Form a band, write and record a few songs, make a music video on shoestring, upload it to the internet and watch it go viral… It’s the kind of stuff that remains firmly a dream for so many bands - only for Brighton’s FUR, it’s something that actually happened.

When the quartet - made up of singer William Murray, guitarist Harry Saunders, bassist William ‘Tav’ Taverner, and drummer Flynn Whelan - uploaded their video for ‘If You Know That I’m Lonely’ to YouTube towards the end of 2017, they didn’t expect too much. A few months later, the song - a ‘60s-meets-’00s jangly indie-rock bop - began to take off at an alarming rate.

“It was just after we’d headlined The Haunt in Brighton, which was quite a big show for us. Literally the morning after it had jumped up to 10,000 views and we thought, oh we only played to like, 300 people but maybe word of mouth…” Murray laughs.

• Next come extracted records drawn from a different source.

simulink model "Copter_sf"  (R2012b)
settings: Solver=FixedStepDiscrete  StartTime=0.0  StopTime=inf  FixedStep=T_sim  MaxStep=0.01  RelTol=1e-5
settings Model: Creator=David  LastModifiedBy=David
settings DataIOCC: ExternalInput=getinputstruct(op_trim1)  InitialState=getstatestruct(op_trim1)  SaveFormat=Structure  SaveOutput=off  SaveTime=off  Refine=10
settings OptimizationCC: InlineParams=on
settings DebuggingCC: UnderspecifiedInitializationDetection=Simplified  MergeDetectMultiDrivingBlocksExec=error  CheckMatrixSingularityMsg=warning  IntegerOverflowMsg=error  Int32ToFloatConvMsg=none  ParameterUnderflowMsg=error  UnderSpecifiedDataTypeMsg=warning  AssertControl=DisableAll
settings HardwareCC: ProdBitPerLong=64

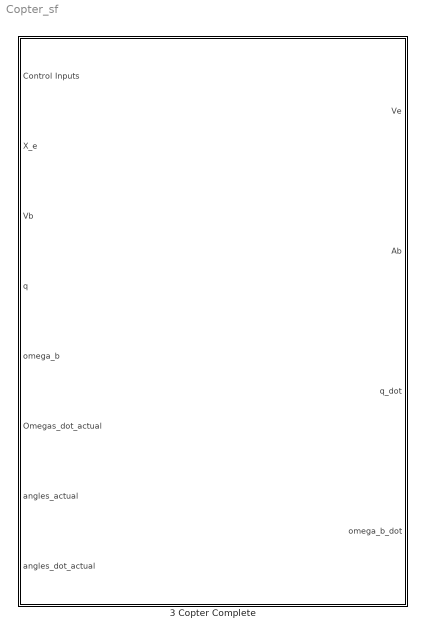
== system Copter_sf ==
  3 Copter Complete : Subsystem
      mask help: Simulink:masks:GenSFuncDesc_MD
      mask Help: eval('feval(''rtwprivate'',''rtwhelpview'',''rtw_sfcn_block'')');

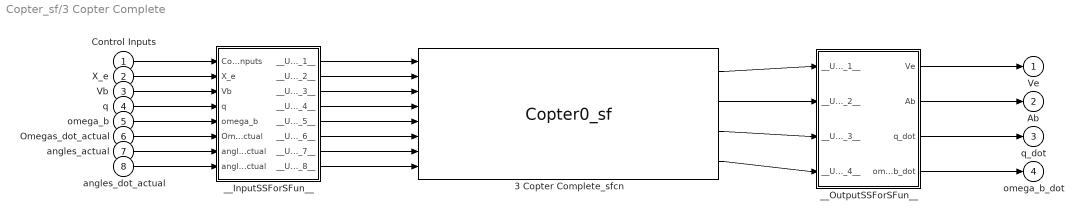
== system Copter_sf/3 Copter Complete ==
  Control Inputs : Inport
  X_e : Inport  Port=2
  Vb : Inport  Port=3
  q : Inport  Port=4
  omega_b : Inport  Port=5
  Omegas_dot_actual : Inport  Port=6
  angles_actual : Inport  Port=7
  angles_dot_actual : Inport  Port=8
  3 Copter Complete_sfcn : S-Function  FunctionName=Copter0_sf  SFunctionModules=""  EnableBusSupport=off  mask{rtw_sf_name=Copter0_sf, showVar=off}
      mask prompts: rtw_sf_name "Simulink:masks:GenSFuncName_MP"; showVar "Simulink:masks:GenSFuncShowModuleList_MP"
      mask help: Simulink:masks:GenSFuncDesc_MD
      mask init:
      | displist = '';
      | if ~strcmp(get_param(gcb, 'FunctionName'), rtw_sf_name);
      |   set_param(gcb, 'FunctionName', rtw_sf_name);
      | end
      | % Check if we are generating code
      | rtw_mode = false;
      | if strcmpi(get_param(bdroot(gcb),'SimulationStatus'),'Initializing')
      | 	rtw_mode = strcmpi(get_param(bdroot(gcb),'BuildingRTWCode'),'on') && ...
      | 		~strcmpi(get_param(bdroot(gcb),'TargetStyle'),'SimulationTarget');
      | end
      | if showVar || rtw_mode
      | 	if exist('rtwsfunc') == 2 | exist('rtwsfunc') == 6
      | 		tmplist = rtwsfunc(rtw_sf_name,gcb);
      | 		tmplist = DAStudio.message('Simulink:masks:GenSFuncListOfModules_IC', tmplist);
      | 	elseif showVar
      | 		tmplist1 = DAStudio.message('Simulink:masks:GenSFuncListOfModules_IC', '');
      |         tmplist2 = DAStudio.message('Simulink:masks:GenSFuncNotLicensed_IC');
      |         tmplist = [tmplist1 tmplist2];
      |  	end
      | end
      | if showVar
      |   displist = tmplist;
      | end
      settings: CopyFcn=|
      | if ~strcmp(get_param(gcb,'Linkstatus'),'none') && ...
      | ~strcmp(get_param(gcb,'Linkstatus'),'implicit')
      |   set_param(gcb,'LinkStatus','none');
      | end
      mask Help: eval('feval(''rtwprivate'',''rtwhelpview'',''rtw_sfcn_block'')');
      mask Display:
      | port_label('input',1,'Control Inputs');
      | port_label('input',2,'X_e');
      | port_label('input',3,'Vb');
      | port_label('input',4,'q');
      | port_label('input',5,'omega_b');
      | port_label('input',6,'Omegas_dot_actual');
      | port_label('input',7,'angles_actual');
      | port_label('input',8,'angles_dot_actual');
      | port_label('output',1,'Ve');
      | port_label('output',2,'Ab');
      | port_label('output',3,'q_dot');
      | port_label('output',4,'omega_b_dot');
  __InputSSForSFun__ : Subsystem
  __OutputSSForSFun__ : Subsystem
  Ve : Outport
  Ab : Outport  Port=2
  q_dot : Outport  Port=3
  omega_b_dot : Outport  Port=4
  wires:
  Control Inputs/1 -> __InputSSForSFun__/1(Control Inputs)
  X_e/1 -> __InputSSForSFun__/2(X_e)
  Vb/1 -> __InputSSForSFun__/3(Vb)
  q/1 -> __InputSSForSFun__/4(q)
  omega_b/1 -> __InputSSForSFun__/5(omega_b)
  Omegas_dot_actual/1 -> __InputSSForSFun__/6(Omegas_dot_actual)
  angles_actual/1 -> __InputSSForSFun__/7(angles_actual)
  angles_dot_actual/1 -> __InputSSForSFun__/8(angles_dot_actual)
  __InputSSForSFun__/1(__UniqueOutportName__1__) -> 3 Copter Complete_sfcn/1
  __InputSSForSFun__/2(__UniqueOutportName__2__) -> 3 Copter Complete_sfcn/2
  __InputSSForSFun__/3(__UniqueOutportName__3__) -> 3 Copter Complete_sfcn/3
  __InputSSForSFun__/4(__UniqueOutportName__4__) -> 3 Copter Complete_sfcn/4
  __InputSSForSFun__/5(__UniqueOutportName__5__) -> 3 Copter Complete_sfcn/5
  __InputSSForSFun__/6(__UniqueOutportName__6__) -> 3 Copter Complete_sfcn/6
  __InputSSForSFun__/7(__UniqueOutportName__7__) -> 3 Copter Complete_sfcn/7
  __InputSSForSFun__/8(__UniqueOutportName__8__) -> 3 Copter Complete_sfcn/8
  3 Copter Complete_sfcn/1 -> __OutputSSForSFun__/1(__UniqueInportName__1__)
  3 Copter Complete_sfcn/2 -> __OutputSSForSFun__/2(__UniqueInportName__2__)
  3 Copter Complete_sfcn/3 -> __OutputSSForSFun__/3(__UniqueInportName__3__)
  3 Copter Complete_sfcn/4 -> __OutputSSForSFun__/4(__UniqueInportName__4__)
  __OutputSSForSFun__/1(Ve) -> Ve/1
  __OutputSSForSFun__/2(Ab) -> Ab/1
  __OutputSSForSFun__/3(q_dot) -> q_dot/1
  __OutputSSForSFun__/4(omega_b_dot) -> omega_b_dot/1

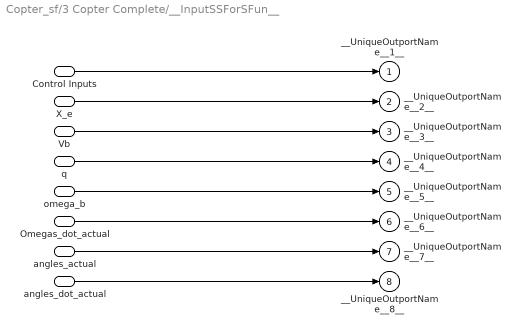
== system Copter_sf/3 Copter Complete/__InputSSForSFun__ ==
  Control Inputs : Inport
  X_e : Inport  Port=2
  Vb : Inport  Port=3
  q : Inport  Port=4
  omega_b : Inport  Port=5
  Omegas_dot_actual : Inport  Port=6
  angles_actual : Inport  Port=7
  angles_dot_actual : Inport  Port=8
  __UniqueOutportName__1__ : Outport
  __UniqueOutportName__2__ : Outport  Port=2
  __UniqueOutportName__3__ : Outport  Port=3
  __UniqueOutportName__4__ : Outport  Port=4
  __UniqueOutportName__5__ : Outport  Port=5
  __UniqueOutportName__6__ : Outport  Port=6
  __UniqueOutportName__7__ : Outport  Port=7
  __UniqueOutportName__8__ : Outport  Port=8
  wires:
  Control Inputs/1 -> __UniqueOutportName__1__/1
  X_e/1 -> __UniqueOutportName__2__/1
  Vb/1 -> __UniqueOutportName__3__/1
  q/1 -> __UniqueOutportName__4__/1
  omega_b/1 -> __UniqueOutportName__5__/1
  Omegas_dot_actual/1 -> __UniqueOutportName__6__/1
  angles_actual/1 -> __UniqueOutportName__7__/1
  angles_dot_actual/1 -> __UniqueOutportName__8__/1

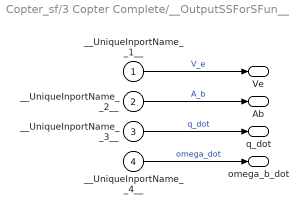
== system Copter_sf/3 Copter Complete/__OutputSSForSFun__ ==
  __UniqueInportName__1__ : Inport
  __UniqueInportName__2__ : Inport  Port=2
  __UniqueInportName__3__ : Inport  Port=3
  __UniqueInportName__4__ : Inport  Port=4
  Ve : Outport
  Ab : Outport  Port=2
  q_dot : Outport  Port=3
  omega_b_dot : Outport  Port=4
  wires:
  __UniqueInportName__1__/1 -> Ve/1  "V_e"
  __UniqueInportName__2__/1 -> Ab/1  "A_b"
  __UniqueInportName__3__/1 -> q_dot/1  "q_dot"
  __UniqueInportName__4__/1 -> omega_b_dot/1  "omega_dot"

For the next few weeks, views on the video continued to jump up by 10,000 a day. Soon it was being watched over 100,000 times a week. Today, the video is approaching five million views, all without any major label or commercial sync deal backing. “And now our biggest fan base is in Indonesia, so that’s cool,” Tav explains. “Countries like Peru, Brazil, they’ll all loving it at the moment. We’ve got to work on the UK, I guess!”

“Countries like Peru, Brazil - they'll all loving it at the moment!”

— Tav

This strange series of events led the band to label Nice Swan Records (also home to Sports Team, Pip Blom, Queen Zee and more), as well as to support slots for Miles Kane (“We got pissed up with him which was a laugh,” mentions Tav) and Matt Maltese.

However, as they gear up for the release of their self-titled debut EP - a collection full of nostalgic guitar sounds with a vibrant edge - the band are keen to not let a random early-career success deter them from their long-term goals. “Obviously we’re aware that the views and response from [that first track] aren’t necessarily an accurate representation of where we're at as a band,” Murray says. “But it makes us want to work harder to get to a certain level because we don't want to making flat whites for the next however many years of our lives.”

Five million views down and counting, FUR’s stroke of algorithmic fortune should give them the kick start to ensure that their coffee shop days don’t last long.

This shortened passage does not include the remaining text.